Local residents reacted swiftly on social media, calling the increase “utterly unreasonable” and urging elected representatives to step in.

Widespread rises across Pembrokeshire — and government action following local concern

Manorbier Castle Inn is one of many hospitality and tourism businesses in Pembrokeshire facing substantial rateable value increases. Some premises have reported valuations doubling, tripling or worse.

The Herald has reported extensively on the emerging pattern in recent weeks, prompting significant public debate. Following this scrutiny — and concerns raised by businesses, councillors and industry bodies — the Welsh Government moved to introduce a new support package.

On 3 December 2025, ministers announced a £116 million transitional relief scheme designed to soften the impact of next year’s revaluation. Under the plans:

  • Any business whose bill rises by more than £300 due to revaluation will have that increase phased in over two years, instead of being applied immediately.
  • For the first time since 2010, ministers will reduce the standard business rates multiplier, lowering bills for some smaller premises.

However, the multiplier cut is expected to benefit mainly small retail outlets — not pubs, cafés or restaurants, which are among the hardest hit by soaring valuations.

Cllr Huw Carnhuan Murphy, leader of the Independent Group on Pembrokeshire County Council, publicly thanked local media — including The Herald — for helping to raise the alarm. He said the coverage had “pushed the issue up the agenda” and confirmed the group would continue lobbying for support for tourism and agriculture.

Industry bodies have welcomed the relief but warn that it does not counteract the central issue: large increases in rateable values and the loss of previous reliefs that many hospitality venues relied on to survive.

What it means for Manorbier Castle Inn — and the sector

While the Welsh Government’s intervention offers some breathing space, many independent venues say the measures fall far short of what is needed to prevent closures.

Manorbier Castle Inn says the phased-in increase will still undermine the business’s long-term viability, adding that just as trading conditions were beginning to stabilise, “another round of firefighting lands at your feet.”

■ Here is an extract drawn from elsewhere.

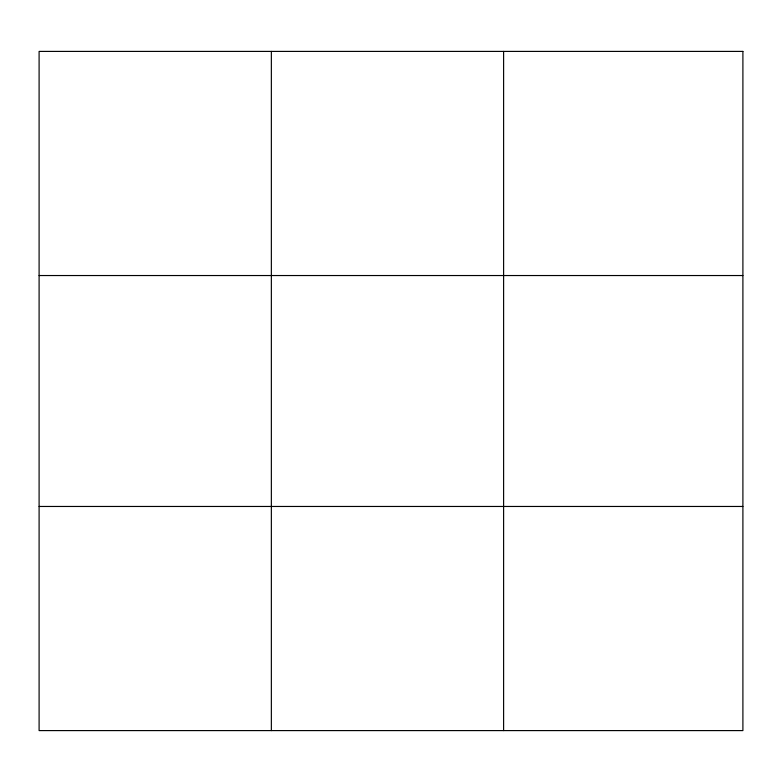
<?xml version="1.0" encoding="UTF-8"?>
<svg xmlns="http://www.w3.org/2000/svg" width="782" height="782" viewBox="0 0 782 782"><rect width="100%" height="100%" fill="white"/><g stroke="black" fill="none" stroke-linecap="round" stroke-linejoin="round"><path stroke-width="1.17" d="M271.354 51.407L271.354 730.593M503.608 51.407L503.608 730.593M39.1 275.538L742.9 275.538M39.1 506.462L742.9 506.462M742.9 51.407L742.9 730.593L39.1 730.593L39.1 51.407L742.9 51.407"/></g></svg>
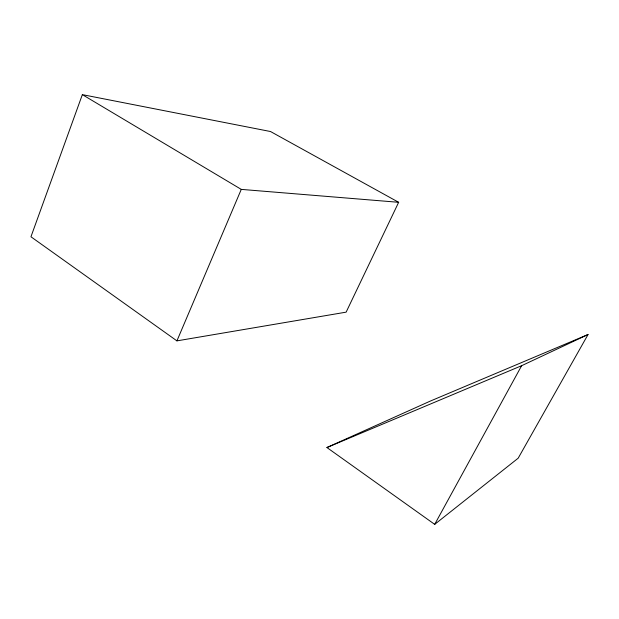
<?xml version="1.0" encoding="UTF-8"?>
<svg xmlns="http://www.w3.org/2000/svg" width="619" height="619" viewBox="0 0 619 619"><rect width="100%" height="100%" fill="white"/><g stroke="black" fill="none" stroke-linecap="round" stroke-linejoin="round"><path stroke-width="0.93" d="M82.35 94.637L30.95 236.775L176.926 340.868L346.129 312.154L398.659 202.305L270.511 131.522L82.35 94.637L241.271 189.383L398.659 202.305M176.926 340.868L241.271 189.383M434.693 524.363L521.639 365.697L588.05 334.515L518.18 458.192L434.693 524.363L326.917 447.529L430.228 401.12L588.05 334.515M326.917 447.529L521.639 365.697"/></g></svg>

Across Wales, operators warn that without more comprehensive reform, the sector could see widespread job losses, reduced opening hours and further closures — particularly in rural counties where tourism-dependent businesses sustain local economies.

Outlook

The introduction of transitional relief and a reduced rates multiplier marks a shift in government policy, and follows significant pressure from businesses and media coverage across Pembrokeshire. But for venues facing unprecedented revaluations, including Manorbier Castle Inn, the question remains whether the support will be enough.

With many independent pubs and inns already on the edge, Pembrokeshire’s hospitality sector says the coming months will determine whether cherished local venues can survive into 2026 — or whether the rates rises will finally push them over the brink.